I think if I ever decided to dress like that I'd need a hot cup of tea and a blanket round me to calm me down, and then taking outside and putting down in case I did it again.

I'm 39 and at no point do I ever envisage myself being fashionable.


----------



## stealthwolf (Sep 24, 2008)

Kimo said:


> I find a Barbour fits in for both causal and smart
> Love my chelsea jackets


I have a Barbour chelsea jacket that I wear in Spring and Autumn. Don't think it looks smart enough when going to smart-casual gatherings.



PugIain said:


> I'm 39 and at no point do I ever envisage myself being fashionable.
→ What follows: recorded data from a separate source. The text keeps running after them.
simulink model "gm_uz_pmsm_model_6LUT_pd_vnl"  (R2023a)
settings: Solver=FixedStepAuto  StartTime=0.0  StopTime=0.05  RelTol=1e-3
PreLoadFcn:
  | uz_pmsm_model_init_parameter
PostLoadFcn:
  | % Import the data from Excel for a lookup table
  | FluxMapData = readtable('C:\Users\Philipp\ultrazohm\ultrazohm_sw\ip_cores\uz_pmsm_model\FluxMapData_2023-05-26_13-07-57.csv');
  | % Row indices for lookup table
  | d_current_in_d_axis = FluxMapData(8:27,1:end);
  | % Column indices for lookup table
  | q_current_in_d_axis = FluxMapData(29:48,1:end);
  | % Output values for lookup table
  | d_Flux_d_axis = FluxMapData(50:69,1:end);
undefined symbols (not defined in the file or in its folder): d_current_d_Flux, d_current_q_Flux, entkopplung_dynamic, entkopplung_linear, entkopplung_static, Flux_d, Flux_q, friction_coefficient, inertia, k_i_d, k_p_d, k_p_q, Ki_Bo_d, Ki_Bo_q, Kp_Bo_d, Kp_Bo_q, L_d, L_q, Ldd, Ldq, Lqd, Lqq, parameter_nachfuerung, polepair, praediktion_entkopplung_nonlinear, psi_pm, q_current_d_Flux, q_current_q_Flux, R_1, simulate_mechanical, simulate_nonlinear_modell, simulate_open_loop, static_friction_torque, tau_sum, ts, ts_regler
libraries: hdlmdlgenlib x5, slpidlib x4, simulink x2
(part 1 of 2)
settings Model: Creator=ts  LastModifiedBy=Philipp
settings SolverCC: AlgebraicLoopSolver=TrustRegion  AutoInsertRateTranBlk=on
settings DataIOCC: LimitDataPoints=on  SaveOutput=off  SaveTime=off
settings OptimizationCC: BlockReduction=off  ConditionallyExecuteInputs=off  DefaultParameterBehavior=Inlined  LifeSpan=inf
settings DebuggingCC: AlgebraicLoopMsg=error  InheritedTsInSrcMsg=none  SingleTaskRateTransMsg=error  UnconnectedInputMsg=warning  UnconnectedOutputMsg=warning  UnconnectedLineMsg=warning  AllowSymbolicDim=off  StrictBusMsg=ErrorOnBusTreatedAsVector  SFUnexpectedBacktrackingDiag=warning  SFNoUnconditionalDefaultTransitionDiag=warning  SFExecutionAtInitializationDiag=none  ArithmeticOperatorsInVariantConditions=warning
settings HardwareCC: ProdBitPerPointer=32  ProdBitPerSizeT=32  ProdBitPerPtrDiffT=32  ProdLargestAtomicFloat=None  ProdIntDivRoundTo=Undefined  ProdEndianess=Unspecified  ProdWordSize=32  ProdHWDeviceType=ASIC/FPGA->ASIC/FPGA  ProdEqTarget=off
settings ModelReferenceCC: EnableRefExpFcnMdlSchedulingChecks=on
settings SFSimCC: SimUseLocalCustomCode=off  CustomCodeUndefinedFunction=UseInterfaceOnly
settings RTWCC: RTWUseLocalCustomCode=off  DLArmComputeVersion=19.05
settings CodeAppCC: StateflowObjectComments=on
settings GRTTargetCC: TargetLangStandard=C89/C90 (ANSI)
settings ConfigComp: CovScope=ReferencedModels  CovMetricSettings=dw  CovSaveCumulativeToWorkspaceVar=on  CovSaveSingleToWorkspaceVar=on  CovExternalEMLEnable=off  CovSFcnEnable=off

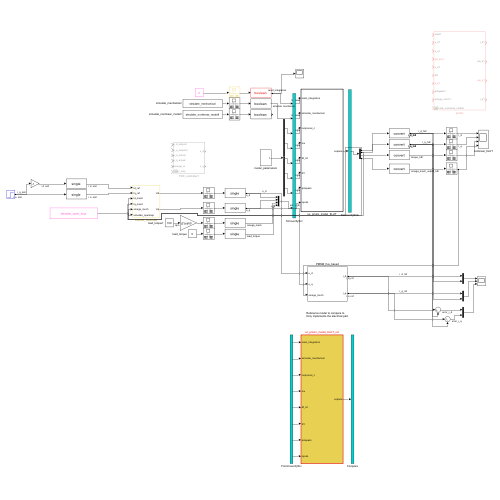
[thumbnail: Simulink's stored preview of the top-level diagram]
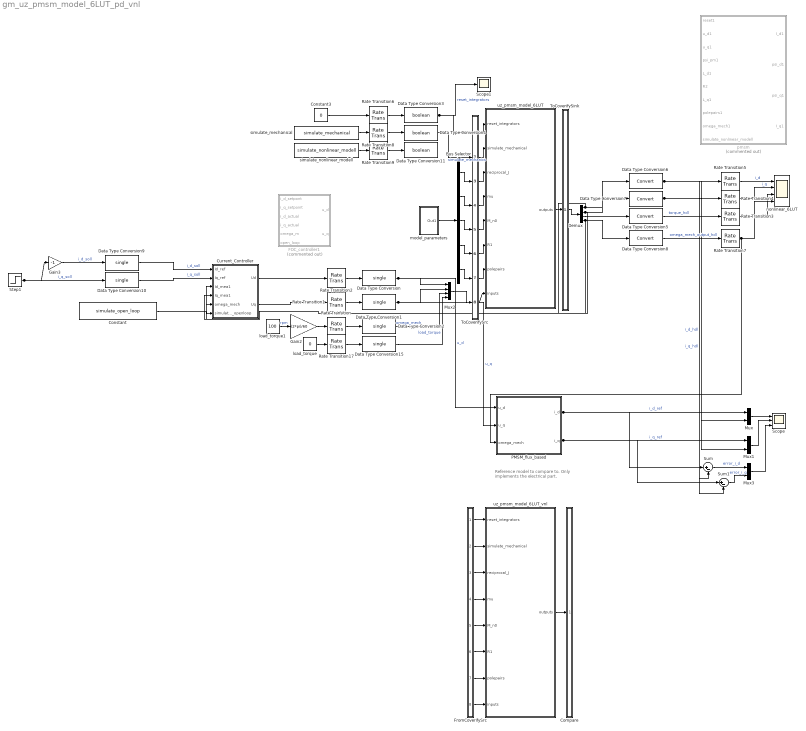
== system gm_uz_pmsm_model_6LUT_pd_vnl ==
  note: Reference model to compare to.
      | Only implements the electrical part.
  Bus Selector : BusSelector  OutputSignals=1_J,mu,M_R0,R_1,polepair
  Compare : Subsystem
      mask Display: disp('')
  Constant : Constant  Value=simulate_open_loop
  Constant3 : Constant  Value=0
  Current_Controller : Subsystem
  Data Type Conversion{,1..2,9..10,15} (6 alike) : DataTypeConversion  OutDataTypeStr=single  SaturateOnIntegerOverflow=off  RndMeth=Floor
  Data Type Conversion11 : DataTypeConversion  OutDataTypeStr=boolean  SaturateOnIntegerOverflow=off  RndMeth=Floor
  Data Type Conversion3 : DataTypeConversion  OutDataTypeStr=boolean  SaturateOnIntegerOverflow=off  RndMeth=Floor
  Data Type Conversion4 : DataTypeConversion  OutDataTypeStr=boolean  SaturateOnIntegerOverflow=off  RndMeth=Floor
  Data Type Conversion{5..8} (4 alike) : DataTypeConversion  SaturateOnIntegerOverflow=off  RndMeth=Floor
  Demux : Demux
  FOC_controller1 : Subsystem  Commented=on
  FromCoverifySrc : Subsystem
      mask Display: disp('')
  Gain2 : Gain  Gain=(2*pi)/60
  Gain3 : Gain  Gain=-1
  Mux : Mux  Inputs=2
  Mux1 : Mux  Inputs=2
  Mux2 : Mux
  Mux3 : Mux  Inputs=2
  PMSM_flux_based : Subsystem
  Rate Transition{,1..2,6,8..9,17} (7 alike) : RateTransition  OutPortSampleTime=ts
  Rate Transition{3..5,7} (4 alike) : RateTransition
  Scope : Scope  NumInputPorts=3
  Scope1 : Scope
  Step1 : Step  Time=0.025
  Sum : Sum  Inputs=|+-
  Sum1 : Sum  Inputs=|+-
  ToCoverifySink : Subsystem
      mask Display: disp('')
  ToCoverifySrc : Subsystem
      mask Display: disp('')
  load_torque : Constant  Value=0
  load_torque1 : Constant  Value=100
  model_parameters : Subsystem
  nonlinear_6LUT : Scope  NumInputPorts=4
  pmsm : Subsystem  Commented=on
  simulate_mechanical : Constant  Value=simulate_mechanical
  simulate_nonlinear_modell : Constant  Value=simulate_nonlinear_modell
  uz_pmsm_model_6LUT : Subsystem  TreatAsAtomicUnit=on
  uz_pmsm_model_6LUT_vnl : Subsystem  TreatAsAtomicUnit=on
  wires:
  Rate Transition/1 -> Data Type Conversion2/1
  Rate Transition1/1 -> Data Type Conversion1/1
  Rate Transition2/1 -> Data Type Conversion/1
  Data Type Conversion6/1 -> Mux/2, Sum/2, Rate Transition5/1  "i_d_hdl"
  Data Type Conversion7/1 -> Rate Transition4/1, Mux1/2, Sum1/2  "i_q_hdl"
  Data Type Conversion5/1 -> Rate Transition3/1  "torque_hdl"
  Rate Transition4/1 -> nonlinear_6LUT/2  "i_q"
  Rate Transition5/1 -> nonlinear_6LUT/1  "i_d"
  Rate Transition3/1 -> nonlinear_6LUT/3
  Rate Transition6/1 -> Data Type Conversion3/1
  Constant3/1 -> Rate Transition6/1
  Rate Transition8/1 -> Data Type Conversion4/1
  simulate_mechanical/1 -> Rate Transition8/1
  Data Type Conversion3/1 -> Scope1/1, ToCoverifySrc/1(in1)  "reset_integrators"
  load_torque/1 -> Rate Transition17/1
  Rate Transition17/1 -> Data Type Conversion15/1
  Mux/1 -> Scope/1
  Mux1/1 -> Scope/2
  PMSM_flux_based/2(i_q) -> Mux1/1, Sum1/1  "i_q_ref"
  PMSM_flux_based/1(i_d) -> Mux/1, Sum/1  "i_d_ref"
  Data Type Conversion8/1 -> Rate Transition7/1  "omega_mech_output_hdl"
  Rate Transition7/1 -> PMSM_flux_based/3(omega_mech), nonlinear_6LUT/4
  model_parameters/1(Out1) -> Bus Selector/1
  Sum/1 -> Mux3/1  "error_i_d"
  Sum1/1 -> Mux3/2  "error_i_q"
  Mux3/1 -> Scope/3
  Step1/1 -> Gain3/1, Data Type Conversion10/1  "i_q_soll"
  Demux/3 -> Data Type Conversion5/1
  Gain3/1 -> Data Type Conversion9/1  "i_d_soll"
  Demux/1 -> Current_Controller/3(Id_mea1), Data Type Conversion6/1
  Demux/4 -> Current_Controller/5(omega_mech), Data Type Conversion8/1
  Demux/2 -> Current_Controller/4(Iq_mea1), Data Type Conversion7/1
  Data Type Conversion/1 -> PMSM_flux_based/1(u_d), Mux2/1  "u_d"
  Data Type Conversion1/1 -> PMSM_flux_based/2(u_q), Mux2/2  "u_q"
  Data Type Conversion15/1 -> Mux2/4  "load_torque"
  Data Type Conversion2/1 -> Mux2/3  "omega_mech"
  Data Type Conversion9/1 -> Current_Controller/1(Id_ref)  "i_d_soll"
  Data Type Conversion10/1 -> Current_Controller/2(Iq_ref)  "i_q_soll"
  Current_Controller/1(Ud) -> Rate Transition2/1
  Current_Controller/2(Uq) -> Rate Transition1/1
  Gain2/1 -> Rate Transition/1
  Constant/1 -> Current_Controller/6(simulate_openloop)
  load_torque1/1 -> Gain2/1  "rpm"
  simulate_nonlinear_modell/1 -> Rate Transition9/1
  Rate Transition9/1 -> Data Type Conversion11/1
  ToCoverifySrc/1(out1) -> uz_pmsm_model_6LUT/1(reset_integrators)
  ToCoverifySrc/2(out2) -> uz_pmsm_model_6LUT/2(simulate_mechanical)
  ToCoverifySrc/3(out3) -> uz_pmsm_model_6LUT/3(reciprocal_J)
  ToCoverifySrc/4(out4) -> uz_pmsm_model_6LUT/4(mu)
  ToCoverifySrc/5(out5) -> uz_pmsm_model_6LUT/5(M_n0)
  ToCoverifySrc/6(out6) -> uz_pmsm_model_6LUT/6(R1)
  ToCoverifySrc/7(out7) -> uz_pmsm_model_6LUT/7(polepairs)
  ToCoverifySrc/8(out8) -> uz_pmsm_model_6LUT/8(inputs)
  uz_pmsm_model_6LUT/1(outputs) -> ToCoverifySink/1(in1)
  Data Type Conversion4/1 -> ToCoverifySrc/2(in2)  "simulate_mechanics"
  Bus Selector/1 -> ToCoverifySrc/3(in3)
  Bus Selector/2 -> ToCoverifySrc/4(in4)
  Bus Selector/3 -> ToCoverifySrc/5(in5)
  Bus Selector/4 -> ToCoverifySrc/6(in6)
  Bus Selector/5 -> ToCoverifySrc/7(in7)
  Mux2/1 -> ToCoverifySrc/8(in8)
  ToCoverifySink/1(out1) -> Demux/1
  FromCoverifySrc/1(out1) -> uz_pmsm_model_6LUT_vnl/1(reset_integrators)
  FromCoverifySrc/2(out2) -> uz_pmsm_model_6LUT_vnl/2(simulate_mechanical)
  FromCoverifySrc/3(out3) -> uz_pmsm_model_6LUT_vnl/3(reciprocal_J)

I've never been one to be fashionable. I have zero sense of style 
*flashbacks to my sixth form years when I thought it was cool to wear a cream linen, purple shirt and yellow tie*

which is why I really need to work out how to look smart and not scruffy. I'm about two years behind you in age.


----------



## K777mk2 (Jun 30, 2016)

slim_boy_fat said:


> This one's doing his best to look 'Alpha Male' :lol:


I thought you were older than that Slim :lol:


----------



## K777mk2 (Jun 30, 2016)

Tend to go down the Ted Baker, Riess route, but Next are pretty good, and as always TK Maxx have the occasional bargain that is just right.


Just avoid looking like Jeremy Clarkson, (or worse the hamster) that's my worry at 51.


----------



## Alfieharley1 (Jun 8, 2014)

This thread killed me. To Be fair I have this

https://www.cavani.co.uk/collections/peaky-blinders/products/albert?variant=5478374015007

I'm 28 but use this suit in so many variations.
Definetly worth checking out the cavani suit jackets!


----------



## Tykebike (Mar 27, 2016)

Alfieharley1 said:


> This thread killed me. To Be fair I have this
> 
> https://www.cavani.co.uk/collections/peaky-blinders/products/albert?variant=5478374015007
> 
> What a difference between two adverts, on the whole the Cavani one features suits that fit the model (apart from the Albert grey extra large one https://www.cavani.co.uk/collection...a-large-two-piece-suit?variant=15445341012062) so they help you to look smarter.


----------